Lorsqu’il y a deux protéines avec ce motif : ça forme une structure de type coiled-coil.
Exemple : fermeture leucine du FT GCN4 (leucine et valine)
Quelles sont les caractéristiques du motifs hélice-boucle-hélice?
C’est un motif formé de 2 régions en hélice :
- Hélice de reconnaissance ADN
- Hélice a plus courte
Les deux hélices sont séparées par une boucle flexible.
C’est un motif qui a une forte similarité avec le motif fermeture-leucine, car :
- Il possède une région basique essentielle à la liaison de l’ADN et aux régions permettant la dimérisation.
Le site de reconnaissance de l’ADN possède 12 pb inversées et répétées qui forme une région conservée la “boite E” : CAXXGT.
Quelle protéines sont contenues dans le motif HBH?
Des protéines impliquées dans diverses fonctions cellulaires:
- Différentiation cellulaire (MyoD)
-Stabilité chromosomes (CBF1/CPF1)
-Régulation expression (CUTE, E12, E46, PHO4), prolifération cellulaire (myc)
Qu’est-ce que le domaine d’activation ?
Contrairement aux DLA, ce sont des régions activatrice qui n’ont pas de structure définies.
À l’occasion, ils peuvent former des structures en forment hélice (probablement induites pas liaison ADN)
Il absence de certaines structure, car les régions activatrices sont formées de la surface adhérentes capable d’intéragir avec plusieurs surfaces protéiques.
La région activatrice Gal 4 est appelée région activatrice acide en raison de sa prépondérance en AA acides.
Quelles sont les autres types de régions activatrices sont structure définies?
Régions riches en glutamine : activateur Sp1
Régions riches en proline : activateur CTF1
Les régions activatrices acides = fortes et fonctionnent dans organismes eucaryotes.

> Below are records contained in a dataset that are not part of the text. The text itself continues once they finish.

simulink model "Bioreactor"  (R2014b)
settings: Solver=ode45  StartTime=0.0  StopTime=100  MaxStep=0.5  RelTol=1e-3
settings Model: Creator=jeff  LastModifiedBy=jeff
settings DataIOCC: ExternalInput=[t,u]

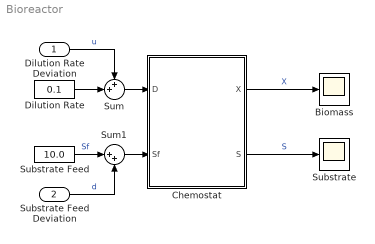
== system Bioreactor ==
  Dilution Rate Deviation : Inport
  Substrate Feed Deviation : Inport  Port=2
  Biomass : Scope
      settings: TimeRange=100  YMin=0
  Chemostat : Subsystem
      mask Display: image(imread('Bioreactor_schematic.png'))
  Dilution Rate : Constant  Value=0.1
  Substrate : Scope
      settings: TimeRange=100  YMin=0  YMax=10
  "Substrate Feed " : Constant  Value=10.0
  Sum : Sum  Inputs=++|
  Sum1 : Sum  Inputs=|++
  wires:
  Chemostat/1(X) -> Biomass/1  "X"
  Chemostat/2(S) -> Substrate/1  "S"
  Sum/1 -> Chemostat/1(D)
  Dilution Rate/1 -> Sum/2
  Dilution Rate Deviation/1 -> Sum/1  "u"
  Sum1/1 -> Chemostat/2(Sf)
  "Substrate Feed "/1 -> Sum1/1  "Sf"
  Substrate Feed Deviation/1 -> Sum1/2  "d"

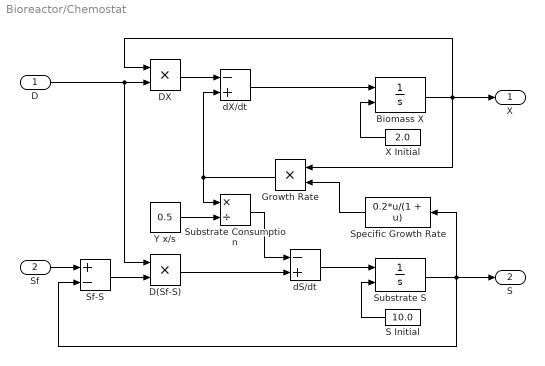
== system Bioreactor/Chemostat ==
  D : Inport
  Sf : Inport  Port=2
  Biomass X : Integrator  InitialConditionSource=external  InitialCondition=0.5  LimitOutput=on  UpperSaturationLimit=Inf  LowerSaturationLimit=0  ContinuousStateAttributes='biomass'
  D(Sf-S) : Product
  DX : Product
  Growth Rate : Product
  S Initial : Constant  Value=10.0
  Sf-S : Sum  Inputs=+-
  Specific Growth Rate : Fcn  Expr=0.2*u/(1 + u)
  Substrate Consumption : Product  Inputs=*/
  Substrate S : Integrator  InitialConditionSource=external  InitialCondition=0.0  LimitOutput=on  UpperSaturationLimit=Inf  LowerSaturationLimit=0  ContinuousStateAttributes='substrate'
  X Initial : Constant  Value=2.0
  Y x/s : Constant  Value=0.5
  dS/dt : Sum  Inputs=-+
  dX/dt : Sum  Inputs=-+
  X : Outport
  S : Outport  Port=2
  wires:
  Biomass X/1 -> Growth Rate/1, X/1, DX/1
  DX/1 -> dX/dt/1
  dS/dt/1 -> Substrate S/1
  Substrate Consumption/1 -> dS/dt/1
  Y x/s/1 -> Substrate Consumption/2
  Sf-S/1 -> D(Sf-S)/2
  Specific Growth Rate/1 -> Growth Rate/2
  dX/dt/1 -> Biomass X/1
  D/1 -> D(Sf-S)/1, DX/2
  D(Sf-S)/1 -> dS/dt/2
  Substrate S/1 -> Specific Growth Rate/1, S/1, Sf-S/2
  Growth Rate/1 -> Substrate Consumption/1, dX/dt/2
  Sf/1 -> Sf-S/1
  X Initial/1 -> Biomass X/2
  S Initial/1 -> Substrate S/2

Autres régions activatrices = + faible et fonctionnent de façon moins universelle.
Comment les activateurs recrutent la machinerie transcriptionnelle sur le gène?
Chez les bactéries : l’activateur stimule la transcription en liant l’ADN par une surface et intéragit avec l’ARN pol par une autre surface.
Chez les eucaryotes : un activateur établie rarement des intéraction directe avec ARN pol donc ils recrutent l’ARN pol de manière indirecte:
-Ils recrutent des modificateurs du nucléosome qui aident à l’initiation.
- Ils peuvent recruter des facteurs nécessaire à l’initiation ou l’élongation de la polymérase.
L’activateur est donc simplement un recruteur de protéine sur le promoteur. Ces protéines appartiennent à des complexes préformées : Médiateurs et TFIID
Comment fonctionne l’activation de l’initiation de la transcription chez les eucaryotes par recrutement de la machinerie transcriptionnelle?
Les activateurs intéragissent avec un ou plusieurs de ces complexes et les recrutent sur les gènes.
Ils peuvent intéragir à distance exemple :
Une région acide typique d’un activateur peut intéragir avec des composantes du médiateur et/ou avec des sous-unités TFIID
Comment fonctionne les perturbations locales de la structure de la chormatine provoquée par les activateurs?
Le recrutement de modificateurs de nucléosomes peut aider à activer un gène empaqueté dans la chromatine.
Il y a deux types de modificateurs:
- Un qui ajoute des groupements chimiques sur les queues d’histones : acétyltransférases des histones (HAT)
- Déplacent (“remodèlent”) les nucléosomes : SWI/SNF permet d’activé ATP-indépendant.
Dans les deux cas: l’ADN se déserre pour laisser à découverte certains sites des nucléosomes qui sont habituellement inaccessible.
Quels sont les effets des modifications sur les queues d’histones ?
Il y a acétylation qui aide aussi la liaison de la machinerie transcriptionnelle:
- Création de sites de liaison spécifiques sur les nucléosomes pour les protéines contenant des bromodomaines.
- Un des composants de TFIID (TAF1/TAF-250) contient des bomodomaines
- Les bromodomaines se fixent mieux aux nucléosomes acétylés.